Exercise
Lines to restate from the data below: from the one containing "#117=ORIENTED_EDGE('',*,*,#78,.T.);" to the one containing "#127=VECTOR('',#126,1.);", both included. Give them again exactly, and only them.

Data extract
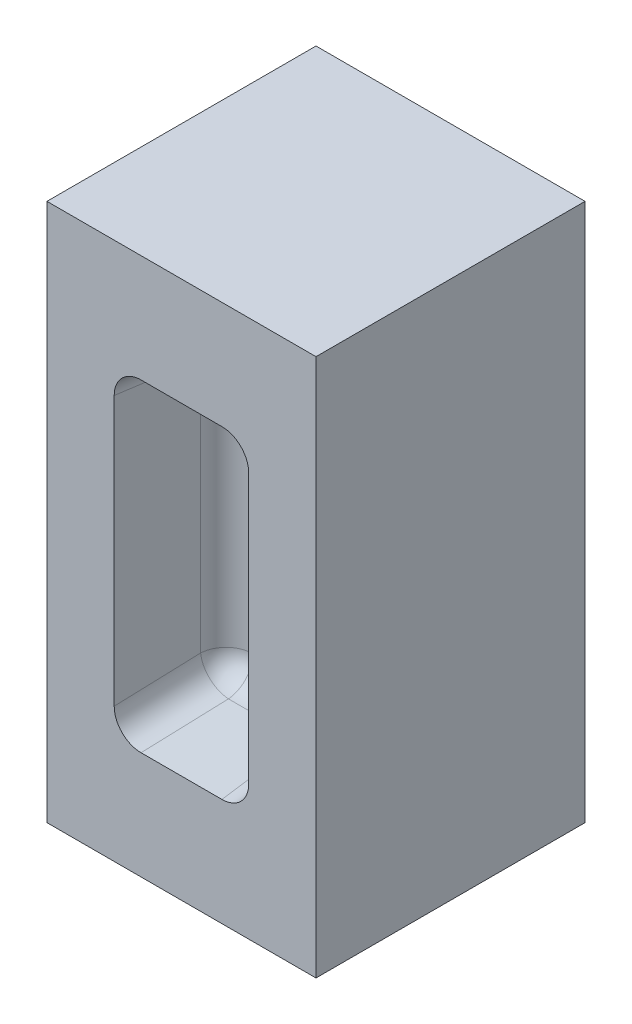
ISO-10303-21;
HEADER;
FILE_DESCRIPTION(('STEP AP214'),'2;1');
FILE_NAME('part.step','',(''),(''),'','','');
FILE_SCHEMA(('AUTOMOTIVE_DESIGN { 1 0 10303 214 1 1 1 1 }'));
ENDSEC;
DATA;
#1=APPLICATION_CONTEXT('core data for automotive mechanical design processes');
#2=APPLICATION_PROTOCOL_DEFINITION('international standard','automotive_design',2000,#1);
#3=PRODUCT_CONTEXT('',#1,'mechanical');
#4=PRODUCT('Part','Part','',(#3));
#5=PRODUCT_RELATED_PRODUCT_CATEGORY('part','',(#4));
#6=PRODUCT_DEFINITION_FORMATION('','',#4);
#7=PRODUCT_DEFINITION_CONTEXT('part definition',#1,'design');
#8=PRODUCT_DEFINITION('design','',#6,#7);
#9=PRODUCT_DEFINITION_SHAPE('','',#8);
#10=(LENGTH_UNIT() NAMED_UNIT(*) SI_UNIT(.MILLI.,.METRE.));
#11=(NAMED_UNIT(*) PLANE_ANGLE_UNIT() SI_UNIT($,.RADIAN.));
#12=(NAMED_UNIT(*) SI_UNIT($,.STERADIAN.) SOLID_ANGLE_UNIT());
#13=UNCERTAINTY_MEASURE_WITH_UNIT(LENGTH_MEASURE(1.E-05),#10,'distance_accuracy_value','');
#14=(GEOMETRIC_REPRESENTATION_CONTEXT(3) GLOBAL_UNCERTAINTY_ASSIGNED_CONTEXT((#13)) GLOBAL_UNIT_ASSIGNED_CONTEXT((#10,
#11,#12)) REPRESENTATION_CONTEXT('',''));
#15=CARTESIAN_POINT('',(0.,0.,0.));
#16=DIRECTION('',(0.,0.,1.));
#17=DIRECTION('',(1.,0.,0.));
#18=AXIS2_PLACEMENT_3D('',#15,#16,#17);
#19=CARTESIAN_POINT('',(0.,0.,50.));
#20=DIRECTION('',(1.,0.,0.));
#21=DIRECTION('',(0.,0.,-1.));
#22=AXIS2_PLACEMENT_3D('',#19,#20,#21);
#23=PLANE('',#22);
#24=DIRECTION('',(0.,-1.,0.));
#25=VECTOR('',#24,1.);
#26=CARTESIAN_POINT('',(0.,0.,0.));
#27=LINE('',#26,#25);
#28=CARTESIAN_POINT('',(0.,100.,0.));
#29=VERTEX_POINT('',#28);
#30=CARTESIAN_POINT('',(0.,0.,0.));
#31=VERTEX_POINT('',#30);
#32=EDGE_CURVE('E158',#29,#31,#27,.T.);
#33=ORIENTED_EDGE('',*,*,#32,.T.);
#34=DIRECTION('',(0.,0.,-1.));
#35=VECTOR('',#34,1.);
#36=CARTESIAN_POINT('',(0.,0.,50.));
#37=LINE('',#36,#35);
#38=CARTESIAN_POINT('',(0.,0.,50.));
#39=VERTEX_POINT('',#38);
#40=EDGE_CURVE('E139',#39,#31,#37,.T.);
#41=ORIENTED_EDGE('',*,*,#40,.F.);
#42=DIRECTION('',(0.,-1.,0.));
#43=VECTOR('',#42,1.);
#44=CARTESIAN_POINT('',(0.,0.,50.));
#45=LINE('',#44,#43);
#46=CARTESIAN_POINT('',(0.,100.,50.));
#47=VERTEX_POINT('',#46);
#48=EDGE_CURVE('E146',#47,#39,#45,.T.);
#49=ORIENTED_EDGE('',*,*,#48,.F.);
#50=DIRECTION('',(0.,0.,-1.));
#51=VECTOR('',#50,1.);
#52=CARTESIAN_POINT('',(0.,100.,50.));
#53=LINE('',#52,#51);
#54=EDGE_CURVE('E250',#47,#29,#53,.T.);
#55=ORIENTED_EDGE('',*,*,#54,.T.);
#56=EDGE_LOOP('',(#33,#41,#49,#55));
#57=FACE_BOUND('',#56,.T.);
#58=ADVANCED_FACE('F33',(#57),#23,.F.);
#59=CARTESIAN_POINT('',(0.,0.,50.));
#60=DIRECTION('',(0.,1.,0.));
#61=DIRECTION('',(0.,0.,1.));
#62=AXIS2_PLACEMENT_3D('',#59,#60,#61);
#63=PLANE('',#62);
#64=DIRECTION('',(1.,0.,0.));
#65=VECTOR('',#64,1.);
#66=CARTESIAN_POINT('',(0.,0.,0.));
#67=LINE('',#66,#65);
#68=CARTESIAN_POINT('',(50.,0.,0.));
#69=VERTEX_POINT('',#68);
#70=EDGE_CURVE('E252',#31,#69,#67,.T.);
#71=ORIENTED_EDGE('',*,*,#70,.T.);
#72=DIRECTION('',(0.,0.,-1.));
#73=VECTOR('',#72,1.);
#74=CARTESIAN_POINT('',(50.,0.,50.));
#75=LINE('',#74,#73);
#76=CARTESIAN_POINT('',(50.,0.,50.));
#77=VERTEX_POINT('',#76);
#78=EDGE_CURVE('E142',#77,#69,#75,.T.);
#79=ORIENTED_EDGE('',*,*,#78,.F.);
#80=DIRECTION('',(1.,0.,0.));
#81=VECTOR('',#80,1.);
#82=CARTESIAN_POINT('',(0.,0.,50.));
#83=LINE('',#82,#81);
#84=EDGE_CURVE('E135',#39,#77,#83,.T.);
#85=ORIENTED_EDGE('',*,*,#84,.F.);
#86=ORIENTED_EDGE('',*,*,#40,.T.);
#87=EDGE_LOOP('',(#71,#79,#85,#86));
#88=FACE_BOUND('',#87,.T.);
#89=ADVANCED_FACE('F137',(#88),#63,.F.);
#90=CARTESIAN_POINT('',(50.,0.,50.));
#91=DIRECTION('',(-1.,0.,0.));
#92=DIRECTION('',(0.,0.,1.));
#93=AXIS2_PLACEMENT_3D('',#90,#91,#92);
#94=PLANE('',#93);
#95=DIRECTION('',(0.,1.,0.));
#96=VECTOR('',#95,1.);
#97=CARTESIAN_POINT('',(50.,0.,0.));
#98=LINE('',#97,#96);
#99=CARTESIAN_POINT('',(50.,100.,0.));
#100=VERTEX_POINT('',#99);
#101=EDGE_CURVE('E254',#69,#100,#98,.T.);
#102=ORIENTED_EDGE('',*,*,#101,.T.);
#103=DIRECTION('',(0.,0.,-1.));
#104=VECTOR('',#103,1.);
#105=CARTESIAN_POINT('',(50.,100.,50.));
#106=LINE('',#105,#104);
#107=CARTESIAN_POINT('',(50.,100.,50.));
#108=VERTEX_POINT('',#107);
#109=EDGE_CURVE('E163',#108,#100,#106,.T.);
#110=ORIENTED_EDGE('',*,*,#109,.F.);
#111=DIRECTION('',(0.,1.,0.));
#112=VECTOR('',#111,1.);
#113=CARTESIAN_POINT('',(50.,0.,50.));
#114=LINE('',#113,#112);
#115=EDGE_CURVE('E145',#77,#108,#114,.T.);
#116=ORIENTED_EDGE('',*,*,#115,.F.);
#117=ORIENTED_EDGE('',*,*,#78,.T.);
#118=EDGE_LOOP('',(#102,#110,#116,#117));
#119=FACE_BOUND('',#118,.T.);
#120=ADVANCED_FACE('F266',(#119),#94,.F.);
#121=CARTESIAN_POINT('',(0.,100.,50.));
#122=DIRECTION('',(0.,-1.,0.));
#123=DIRECTION('',(0.,0.,-1.));
#124=AXIS2_PLACEMENT_3D('',#121,#122,#123);
#125=PLANE('',#124);
#126=DIRECTION('',(-1.,0.,0.));
#127=VECTOR('',#126,1.);
#128=CARTESIAN_POINT('',(0.,100.,0.));
#129=LINE('',#128,#127);
#130=EDGE_CURVE('E155',#100,#29,#129,.T.);
#131=ORIENTED_EDGE('',*,*,#130,.T.);
#132=ORIENTED_EDGE('',*,*,#54,.F.);
#133=DIRECTION('',(-1.,0.,0.));
#134=VECTOR('',#133,1.);
#135=CARTESIAN_POINT('',(0.,100.,50.));
#136=LINE('',#135,#134);
#137=EDGE_CURVE('E151',#108,#47,#136,.T.);
#138=ORIENTED_EDGE('',*,*,#137,.F.);
#139=ORIENTED_EDGE('',*,*,#109,.T.);
#140=EDGE_LOOP('',(#131,#132,#138,#139));
#141=FACE_BOUND('',#140,.T.);
#142=ADVANCED_FACE('F261',(#141),#125,.F.);
#143=CARTESIAN_POINT('',(0.,0.,50.));
#144=DIRECTION('',(0.,0.,-1.));
#145=DIRECTION('',(-1.,0.,0.));
#146=AXIS2_PLACEMENT_3D('',#143,#144,#145);
#147=PLANE('',#146);
#148=DIRECTION('',(1.,0.,0.));
#149=VECTOR('',#148,1.);
#150=CARTESIAN_POINT('',(12.5,20.,50.));
#151=LINE('',#150,#149);
#152=CARTESIAN_POINT('',(17.4840235353438,20.,50.));
#153=VERTEX_POINT('',#152);
#154=CARTESIAN_POINT('',(32.5159764646562,20.,50.));
#155=VERTEX_POINT('',#154);
#156=EDGE_CURVE('E236',#153,#155,#151,.T.);
#157=ORIENTED_EDGE('',*,*,#156,.F.);
#158=CARTESIAN_POINT('',(17.5068617299896,25.0190991877167,50.));
#159=DIRECTION('',(0.,0.,-1.));
#160=DIRECTION('',(0.5138797648823,0.857862219266306,0.));
#161=AXIS2_PLACEMENT_3D('',#158,#159,#160);
#162=ELLIPSE('',#161,5.02593484233265,5.);
#163=CARTESIAN_POINT('',(12.5,24.9962051733865,50.));
#164=VERTEX_POINT('',#163);
#165=EDGE_CURVE('E196',#153,#164,#162,.T.);
#166=ORIENTED_EDGE('',*,*,#165,.T.);
#167=DIRECTION('',(0.,-1.,0.));
#168=VECTOR('',#167,1.);
#169=CARTESIAN_POINT('',(12.5,80.,50.));
#170=LINE('',#169,#168);
#171=CARTESIAN_POINT('',(12.5,75.0037948266135,50.));
#172=VERTEX_POINT('',#171);
#173=EDGE_CURVE('E234',#172,#164,#170,.T.);
#174=ORIENTED_EDGE('',*,*,#173,.F.);
#175=CARTESIAN_POINT('',(17.5068617299896,74.9809008122833,50.));
#176=DIRECTION('',(0.,0.,-1.));
#177=DIRECTION('',(0.5138797648823,-0.857862219266306,0.));
#178=AXIS2_PLACEMENT_3D('',#175,#176,#177);
#179=ELLIPSE('',#178,5.02593484233265,5.);
#180=CARTESIAN_POINT('',(17.4840235353438,80.,50.));
#181=VERTEX_POINT('',#180);
#182=EDGE_CURVE('E11',#172,#181,#179,.T.);
#183=ORIENTED_EDGE('',*,*,#182,.T.);
#184=DIRECTION('',(-1.,0.,0.));
#185=VECTOR('',#184,1.);
#186=CARTESIAN_POINT('',(12.5,80.,50.));
#187=LINE('',#186,#185);
#188=CARTESIAN_POINT('',(32.5159764646562,80.,50.));
#189=VERTEX_POINT('',#188);
#190=EDGE_CURVE('E245',#189,#181,#187,.T.);
#191=ORIENTED_EDGE('',*,*,#190,.F.);
#192=CARTESIAN_POINT('',(32.4931382700104,74.9809008122833,50.));
#193=DIRECTION('',(0.,0.,-1.));
#194=DIRECTION('',(-0.5138797648823,-0.857862219266306,0.));
#195=AXIS2_PLACEMENT_3D('',#192,#193,#194);
#196=ELLIPSE('',#195,5.02593484233265,5.);
#197=CARTESIAN_POINT('',(37.5,75.0037948266135,50.));
#198=VERTEX_POINT('',#197);
#199=EDGE_CURVE('E42',#189,#198,#196,.T.);
#200=ORIENTED_EDGE('',*,*,#199,.T.);
#201=DIRECTION('',(0.,1.,0.));
#202=VECTOR('',#201,1.);
#203=CARTESIAN_POINT('',(37.5,80.,50.));
#204=LINE('',#203,#202);
#205=CARTESIAN_POINT('',(37.5,24.9962051733865,50.));
#206=VERTEX_POINT('',#205);
#207=EDGE_CURVE('E240',#206,#198,#204,.T.);
#208=ORIENTED_EDGE('',*,*,#207,.F.);
#209=CARTESIAN_POINT('',(32.4931382700104,25.0190991877168,50.));
#210=DIRECTION('',(0.,0.,-1.));
#211=DIRECTION('',(-0.5138797648823,0.857862219266306,0.));
#212=AXIS2_PLACEMENT_3D('',#209,#210,#211);
#213=ELLIPSE('',#212,5.02593484233265,5.);
#214=EDGE_CURVE('E198',#206,#155,#213,.T.);
#215=ORIENTED_EDGE('',*,*,#214,.T.);
#216=EDGE_LOOP('',(#157,#166,#174,#183,#191,#200,#208,#215));
#217=FACE_BOUND('',#216,.T.);
#218=ORIENTED_EDGE('',*,*,#48,.T.);
#219=ORIENTED_EDGE('',*,*,#84,.T.);
#220=ORIENTED_EDGE('',*,*,#115,.T.);
#221=ORIENTED_EDGE('',*,*,#137,.T.);
#222=EDGE_LOOP('',(#218,#219,#220,#221));
#223=FACE_BOUND('',#222,.T.);
#224=ADVANCED_FACE('F149',(#217,#223),#147,.F.);
#225=CARTESIAN_POINT('',(0.,0.,0.));
#226=DIRECTION('',(0.,0.,-1.));
#227=DIRECTION('',(-1.,0.,0.));
#228=AXIS2_PLACEMENT_3D('',#225,#226,#227);
#229=PLANE('',#228);
#230=ORIENTED_EDGE('',*,*,#32,.F.);
#231=ORIENTED_EDGE('',*,*,#130,.F.);
#232=ORIENTED_EDGE('',*,*,#101,.F.);
#233=ORIENTED_EDGE('',*,*,#70,.F.);
#234=EDGE_LOOP('',(#230,#231,#232,#233));
#235=FACE_BOUND('',#234,.T.);
#236=ADVANCED_FACE('F265',(#235),#229,.T.);
#237=CARTESIAN_POINT('',(12.5,80.,50.));
#238=DIRECTION('',(0.998629534754574,0.,0.0523359562429439));
#239=DIRECTION('',(0.052335956242944,0.,-0.998629534754574));
#240=AXIS2_PLACEMENT_3D('',#237,#238,#239);
#241=PLANE('',#240);
#242=ORIENTED_EDGE('',*,*,#173,.T.);
#243=DIRECTION('',(0.0521373445210819,0.0870372042918475,-0.994839797341939));
#244=VECTOR('',#243,1.);
#245=CARTESIAN_POINT('',(13.5254833626301,26.7081298168642,30.4326117866644));
#246=LINE('',#245,#244);
#247=CARTESIAN_POINT('',(13.2998307454624,26.3314291406056,34.7383202187853));
#248=VERTEX_POINT('',#247);
#249=EDGE_CURVE('E50',#164,#248,#246,.T.);
#250=ORIENTED_EDGE('',*,*,#249,.T.);
#251=DIRECTION('',(0.,-1.,0.));
#252=VECTOR('',#251,1.);
#253=CARTESIAN_POINT('',(13.2998307454624,80.,34.7383202187853));
#254=LINE('',#253,#252);
#255=CARTESIAN_POINT('',(13.2998307454624,73.6685708593944,34.7383202187853));
#256=VERTEX_POINT('',#255);
#257=EDGE_CURVE('E55',#248,#256,#254,.F.);
#258=ORIENTED_EDGE('',*,*,#257,.T.);
#259=DIRECTION('',(0.0521373445210819,-0.0870372042918475,-0.994839797341939));
#260=VECTOR('',#259,1.);
#261=CARTESIAN_POINT('',(12.4773277769693,75.0416434536543,50.4326117866644));
#262=LINE('',#261,#260);
#263=EDGE_CURVE('E192',#256,#172,#262,.F.);
#264=ORIENTED_EDGE('',*,*,#263,.T.);
#265=EDGE_LOOP('',(#242,#250,#258,#264));
#266=FACE_BOUND('',#265,.T.);
#267=ADVANCED_FACE('F286',(#266),#241,.T.);
#268=CARTESIAN_POINT('',(12.5,80.,50.));
#269=DIRECTION('',(0.,-0.996194698091746,0.0871557427476584));
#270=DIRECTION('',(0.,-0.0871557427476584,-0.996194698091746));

Your solution
#117=ORIENTED_EDGE('',*,*,#78,.T.);
#118=EDGE_LOOP('',(#102,#110,#116,#117));
#119=FACE_BOUND('',#118,.T.);
#120=ADVANCED_FACE('F266',(#119),#94,.F.);
#121=CARTESIAN_POINT('',(0.,100.,50.));
#122=DIRECTION('',(0.,-1.,0.));
#123=DIRECTION('',(0.,0.,-1.));
#124=AXIS2_PLACEMENT_3D('',#121,#122,#123);
#125=PLANE('',#124);
#126=DIRECTION('',(-1.,0.,0.));
#127=VECTOR('',#126,1.);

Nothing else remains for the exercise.